» **Work instruction**
Starting with the line that contains "#55=ORIENTED_EDGE('',*,*,#54,.T.);" and stopping after the line that contains "#120=VERTEX_POINT('',#119);", copy the entries below exactly. Include nothing else.

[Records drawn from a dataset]

○ ○ ○ ○ ○

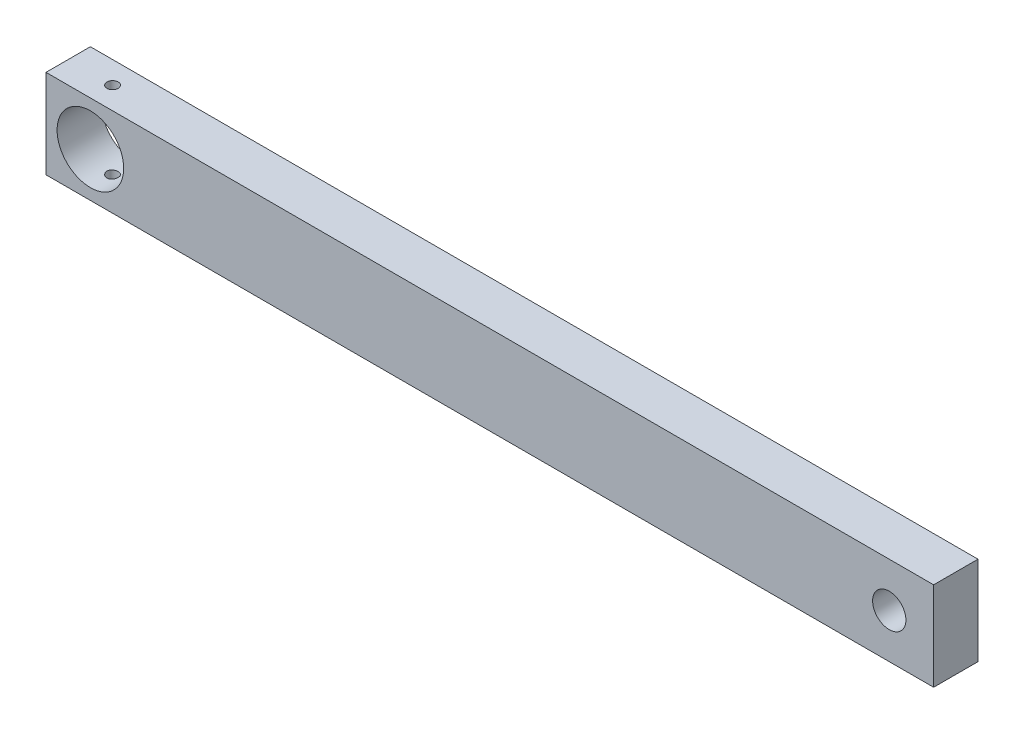
ISO-10303-21;
HEADER;
FILE_DESCRIPTION(('STEP AP214'),'2;1');
FILE_NAME('part.step','',(''),(''),'','','');
FILE_SCHEMA(('AUTOMOTIVE_DESIGN { 1 0 10303 214 1 1 1 1 }'));
ENDSEC;
DATA;
#1=APPLICATION_CONTEXT('core data for automotive mechanical design processes');
#2=APPLICATION_PROTOCOL_DEFINITION('international standard','automotive_design',2000,#1);
#3=PRODUCT_CONTEXT('',#1,'mechanical');
#4=PRODUCT('Part','Part','',(#3));
#5=PRODUCT_RELATED_PRODUCT_CATEGORY('part','',(#4));
#6=PRODUCT_DEFINITION_FORMATION('','',#4);
#7=PRODUCT_DEFINITION_CONTEXT('part definition',#1,'design');
#8=PRODUCT_DEFINITION('design','',#6,#7);
#9=PRODUCT_DEFINITION_SHAPE('','',#8);
#10=(LENGTH_UNIT() NAMED_UNIT(*) SI_UNIT(.MILLI.,.METRE.));
#11=(NAMED_UNIT(*) PLANE_ANGLE_UNIT() SI_UNIT($,.RADIAN.));
#12=(NAMED_UNIT(*) SI_UNIT($,.STERADIAN.) SOLID_ANGLE_UNIT());
#13=UNCERTAINTY_MEASURE_WITH_UNIT(LENGTH_MEASURE(1.E-05),#10,'distance_accuracy_value','');
#14=(GEOMETRIC_REPRESENTATION_CONTEXT(3) GLOBAL_UNCERTAINTY_ASSIGNED_CONTEXT((#13)) GLOBAL_UNIT_ASSIGNED_CONTEXT((#10,
#11,#12)) REPRESENTATION_CONTEXT('',''));
#15=CARTESIAN_POINT('',(0.,0.,0.));
#16=DIRECTION('',(0.,0.,1.));
#17=DIRECTION('',(1.,0.,0.));
#18=AXIS2_PLACEMENT_3D('',#15,#16,#17);
#19=CARTESIAN_POINT('',(0.,0.,6.35));
#20=DIRECTION('',(0.,0.,-1.));
#21=DIRECTION('',(-1.,0.,0.));
#22=AXIS2_PLACEMENT_3D('',#19,#20,#21);
#23=PLANE('',#22);
#24=DIRECTION('',(0.,-1.,0.));
#25=VECTOR('',#24,1.);
#26=CARTESIAN_POINT('',(0.,0.,6.35));
#27=LINE('',#26,#25);
#28=CARTESIAN_POINT('',(0.,12.7,6.35));
#29=VERTEX_POINT('',#28);
#30=CARTESIAN_POINT('',(0.,0.,6.35));
#31=VERTEX_POINT('',#30);
#32=EDGE_CURVE('E135',#29,#31,#27,.T.);
#33=ORIENTED_EDGE('',*,*,#32,.T.);
#34=DIRECTION('',(1.,0.,0.));
#35=VECTOR('',#34,1.);
#36=CARTESIAN_POINT('',(0.,0.,6.35));
#37=LINE('',#36,#35);
#38=CARTESIAN_POINT('',(127.,0.,6.35));
#39=VERTEX_POINT('',#38);
#40=EDGE_CURVE('E130',#31,#39,#37,.T.);
#41=ORIENTED_EDGE('',*,*,#40,.T.);
#42=DIRECTION('',(0.,1.,0.));
#43=VECTOR('',#42,1.);
#44=CARTESIAN_POINT('',(127.,0.,6.35));
#45=LINE('',#44,#43);
#46=CARTESIAN_POINT('',(127.,12.7,6.35));
#47=VERTEX_POINT('',#46);
#48=EDGE_CURVE('E133',#39,#47,#45,.T.);
#49=ORIENTED_EDGE('',*,*,#48,.T.);
#50=DIRECTION('',(-1.,0.,0.));
#51=VECTOR('',#50,1.);
#52=CARTESIAN_POINT('',(0.,12.7,6.35));
#53=LINE('',#52,#51);
#54=EDGE_CURVE('E100',#47,#29,#53,.T.);
#55=ORIENTED_EDGE('',*,*,#54,.T.);
#56=EDGE_LOOP('',(#33,#41,#49,#55));
#57=FACE_BOUND('',#56,.T.);
#58=CARTESIAN_POINT('',(6.35,6.35,6.35));
#59=DIRECTION('',(0.,0.,1.));
#60=DIRECTION('',(1.,0.,0.));
#61=AXIS2_PLACEMENT_3D('',#58,#59,#60);
#62=CIRCLE('',#61,4.7625);
#63=CARTESIAN_POINT('',(11.1125,6.35,6.35));
#64=VERTEX_POINT('',#63);
#65=EDGE_CURVE('E158',#64,#64,#62,.T.);
#66=ORIENTED_EDGE('',*,*,#65,.F.);
#67=EDGE_LOOP('',(#66));
#68=FACE_BOUND('',#67,.T.);
#69=CARTESIAN_POINT('',(120.65,6.35,6.35));
#70=DIRECTION('',(0.,0.,1.));
#71=DIRECTION('',(1.,0.,0.));
#72=AXIS2_PLACEMENT_3D('',#69,#70,#71);
#73=CIRCLE('',#72,2.38125000000001);
#74=CARTESIAN_POINT('',(123.03125,6.35,6.35));
#75=VERTEX_POINT('',#74);
#76=EDGE_CURVE('E225',#75,#75,#73,.T.);
#77=ORIENTED_EDGE('',*,*,#76,.F.);
#78=EDGE_LOOP('',(#77));
#79=FACE_BOUND('',#78,.T.);
#80=ADVANCED_FACE('F75',(#57,#68,#79),#23,.F.);
#81=CARTESIAN_POINT('',(0.,0.,0.));
#82=DIRECTION('',(0.,0.,-1.));
#83=DIRECTION('',(-1.,0.,0.));
#84=AXIS2_PLACEMENT_3D('',#81,#82,#83);
#85=PLANE('',#84);
#86=CARTESIAN_POINT('',(6.35,6.35,0.));
#87=DIRECTION('',(0.,0.,1.));
#88=DIRECTION('',(1.,0.,0.));
#89=AXIS2_PLACEMENT_3D('',#86,#87,#88);
#90=CIRCLE('',#89,4.7625);
#91=CARTESIAN_POINT('',(11.1125,6.35,0.));
#92=VERTEX_POINT('',#91);
#93=EDGE_CURVE('E228',#92,#92,#90,.T.);
#94=ORIENTED_EDGE('',*,*,#93,.T.);
#95=EDGE_LOOP('',(#94));
#96=FACE_BOUND('',#95,.T.);
#97=DIRECTION('',(0.,-1.,0.));
#98=VECTOR('',#97,1.);
#99=CARTESIAN_POINT('',(0.,0.,0.));
#100=LINE('',#99,#98);
#101=CARTESIAN_POINT('',(0.,12.7,0.));
#102=VERTEX_POINT('',#101);
#103=CARTESIAN_POINT('',(0.,0.,0.));
#104=VERTEX_POINT('',#103);
#105=EDGE_CURVE('E154',#102,#104,#100,.T.);
#106=ORIENTED_EDGE('',*,*,#105,.F.);
#107=DIRECTION('',(-1.,0.,0.));
#108=VECTOR('',#107,1.);
#109=CARTESIAN_POINT('',(0.,12.7,0.));
#110=LINE('',#109,#108);
#111=CARTESIAN_POINT('',(127.,12.7,0.));
#112=VERTEX_POINT('',#111);
#113=EDGE_CURVE('E123',#112,#102,#110,.T.);
#114=ORIENTED_EDGE('',*,*,#113,.F.);
#115=DIRECTION('',(0.,1.,0.));
#116=VECTOR('',#115,1.);
#117=CARTESIAN_POINT('',(127.,0.,0.));
#118=LINE('',#117,#116);
#119=CARTESIAN_POINT('',(127.,0.,0.));
#120=VERTEX_POINT('',#119);
#121=EDGE_CURVE('E117',#120,#112,#118,.T.);
#122=ORIENTED_EDGE('',*,*,#121,.F.);
#123=DIRECTION('',(1.,0.,0.));
#124=VECTOR('',#123,1.);
#125=CARTESIAN_POINT('',(0.,0.,0.));
#126=LINE('',#125,#124);
#127=EDGE_CURVE('E140',#104,#120,#126,.T.);
#128=ORIENTED_EDGE('',*,*,#127,.F.);
#129=EDGE_LOOP('',(#106,#114,#122,#128));
#130=FACE_BOUND('',#129,.T.);
#131=CARTESIAN_POINT('',(120.65,6.35,0.));
#132=DIRECTION('',(0.,0.,1.));
#133=DIRECTION('',(1.,0.,0.));
#134=AXIS2_PLACEMENT_3D('',#131,#132,#133);
#135=CIRCLE('',#134,2.38125000000001);
#136=CARTESIAN_POINT('',(123.03125,6.35,0.));
#137=VERTEX_POINT('',#136);
#138=EDGE_CURVE('E229',#137,#137,#135,.T.);
#139=ORIENTED_EDGE('',*,*,#138,.T.);
#140=EDGE_LOOP('',(#139));
#141=FACE_BOUND('',#140,.T.);
#142=ADVANCED_FACE('F196',(#96,#130,#141),#85,.T.);
#143=CARTESIAN_POINT('',(0.,0.,6.35));
#144=DIRECTION('',(1.,0.,0.));
#145=DIRECTION('',(0.,0.,-1.));
#146=AXIS2_PLACEMENT_3D('',#143,#144,#145);
#147=PLANE('',#146);
#148=ORIENTED_EDGE('',*,*,#105,.T.);
#149=DIRECTION('',(0.,0.,-1.));
#150=VECTOR('',#149,1.);
#151=CARTESIAN_POINT('',(0.,0.,6.35));
#152=LINE('',#151,#150);
#153=EDGE_CURVE('E13',#31,#104,#152,.T.);
#154=ORIENTED_EDGE('',*,*,#153,.F.);
#155=ORIENTED_EDGE('',*,*,#32,.F.);
#156=DIRECTION('',(0.,0.,-1.));
#157=VECTOR('',#156,1.);
#158=CARTESIAN_POINT('',(0.,12.7,6.35));
#159=LINE('',#158,#157);
#160=EDGE_CURVE('E150',#29,#102,#159,.T.);
#161=ORIENTED_EDGE('',*,*,#160,.T.);
#162=EDGE_LOOP('',(#148,#154,#155,#161));
#163=FACE_BOUND('',#162,.T.);
#164=ADVANCED_FACE('F77',(#163),#147,.F.);
#165=CARTESIAN_POINT('',(0.,0.,6.35));
#166=DIRECTION('',(0.,1.,0.));
#167=DIRECTION('',(0.,0.,1.));
#168=AXIS2_PLACEMENT_3D('',#165,#166,#167);
#169=PLANE('',#168);
#170=CARTESIAN_POINT('',(6.35,0.,3.175));
#171=DIRECTION('',(0.,1.,0.));
#172=DIRECTION('',(0.,0.,1.));
#173=AXIS2_PLACEMENT_3D('',#170,#171,#172);
#174=CIRCLE('',#173,0.8001);
#175=CARTESIAN_POINT('',(6.35,0.,3.9751));
#176=VERTEX_POINT('',#175);
#177=EDGE_CURVE('E174',#176,#176,#174,.T.);
#178=ORIENTED_EDGE('',*,*,#177,.T.);
#179=EDGE_LOOP('',(#178));
#180=FACE_BOUND('',#179,.T.);
#181=ORIENTED_EDGE('',*,*,#127,.T.);
#182=DIRECTION('',(0.,0.,-1.));
#183=VECTOR('',#182,1.);
#184=CARTESIAN_POINT('',(127.,0.,6.35));
#185=LINE('',#184,#183);
#186=EDGE_CURVE('E91',#39,#120,#185,.T.);
#187=ORIENTED_EDGE('',*,*,#186,.F.);
#188=ORIENTED_EDGE('',*,*,#40,.F.);
#189=ORIENTED_EDGE('',*,*,#153,.T.);
#190=EDGE_LOOP('',(#181,#187,#188,#189));
#191=FACE_BOUND('',#190,.T.);
#192=ADVANCED_FACE('F139',(#180,#191),#169,.F.);
#193=CARTESIAN_POINT('',(127.,0.,6.35));
#194=DIRECTION('',(-1.,0.,0.));
#195=DIRECTION('',(0.,0.,1.));
#196=AXIS2_PLACEMENT_3D('',#193,#194,#195);
#197=PLANE('',#196);
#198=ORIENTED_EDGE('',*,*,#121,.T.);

○ ○ ○ ○ ○

» **Your response**
#55=ORIENTED_EDGE('',*,*,#54,.T.);
#56=EDGE_LOOP('',(#33,#41,#49,#55));
#57=FACE_BOUND('',#56,.T.);
#58=CARTESIAN_POINT('',(6.35,6.35,6.35));
#59=DIRECTION('',(0.,0.,1.));
#60=DIRECTION('',(1.,0.,0.));
#61=AXIS2_PLACEMENT_3D('',#58,#59,#60);
#62=CIRCLE('',#61,4.7625);
#63=CARTESIAN_POINT('',(11.1125,6.35,6.35));
#64=VERTEX_POINT('',#63);
#65=EDGE_CURVE('E158',#64,#64,#62,.T.);
#66=ORIENTED_EDGE('',*,*,#65,.F.);
#67=EDGE_LOOP('',(#66));
#68=FACE_BOUND('',#67,.T.);
#69=CARTESIAN_POINT('',(120.65,6.35,6.35));
#70=DIRECTION('',(0.,0.,1.));
#71=DIRECTION('',(1.,0.,0.));
#72=AXIS2_PLACEMENT_3D('',#69,#70,#71);
#73=CIRCLE('',#72,2.38125000000001);
#74=CARTESIAN_POINT('',(123.03125,6.35,6.35));
#75=VERTEX_POINT('',#74);
#76=EDGE_CURVE('E225',#75,#75,#73,.T.);
#77=ORIENTED_EDGE('',*,*,#76,.F.);
#78=EDGE_LOOP('',(#77));
#79=FACE_BOUND('',#78,.T.);
#80=ADVANCED_FACE('F75',(#57,#68,#79),#23,.F.);
#81=CARTESIAN_POINT('',(0.,0.,0.));
#82=DIRECTION('',(0.,0.,-1.));
#83=DIRECTION('',(-1.,0.,0.));
#84=AXIS2_PLACEMENT_3D('',#81,#82,#83);
#85=PLANE('',#84);
#86=CARTESIAN_POINT('',(6.35,6.35,0.));
#87=DIRECTION('',(0.,0.,1.));
#88=DIRECTION('',(1.,0.,0.));
#89=AXIS2_PLACEMENT_3D('',#86,#87,#88);
#90=CIRCLE('',#89,4.7625);
#91=CARTESIAN_POINT('',(11.1125,6.35,0.));
#92=VERTEX_POINT('',#91);
#93=EDGE_CURVE('E228',#92,#92,#90,.T.);
#94=ORIENTED_EDGE('',*,*,#93,.T.);
#95=EDGE_LOOP('',(#94));
#96=FACE_BOUND('',#95,.T.);
#97=DIRECTION('',(0.,-1.,0.));
#98=VECTOR('',#97,1.);
#99=CARTESIAN_POINT('',(0.,0.,0.));
#100=LINE('',#99,#98);
#101=CARTESIAN_POINT('',(0.,12.7,0.));
#102=VERTEX_POINT('',#101);
#103=CARTESIAN_POINT('',(0.,0.,0.));
#104=VERTEX_POINT('',#103);
#105=EDGE_CURVE('E154',#102,#104,#100,.T.);
#106=ORIENTED_EDGE('',*,*,#105,.F.);
#107=DIRECTION('',(-1.,0.,0.));
#108=VECTOR('',#107,1.);
#109=CARTESIAN_POINT('',(0.,12.7,0.));
#110=LINE('',#109,#108);
#111=CARTESIAN_POINT('',(127.,12.7,0.));
#112=VERTEX_POINT('',#111);
#113=EDGE_CURVE('E123',#112,#102,#110,.T.);
#114=ORIENTED_EDGE('',*,*,#113,.F.);
#115=DIRECTION('',(0.,1.,0.));
#116=VECTOR('',#115,1.);
#117=CARTESIAN_POINT('',(127.,0.,0.));
#118=LINE('',#117,#116);
#119=CARTESIAN_POINT('',(127.,0.,0.));
#120=VERTEX_POINT('',#119);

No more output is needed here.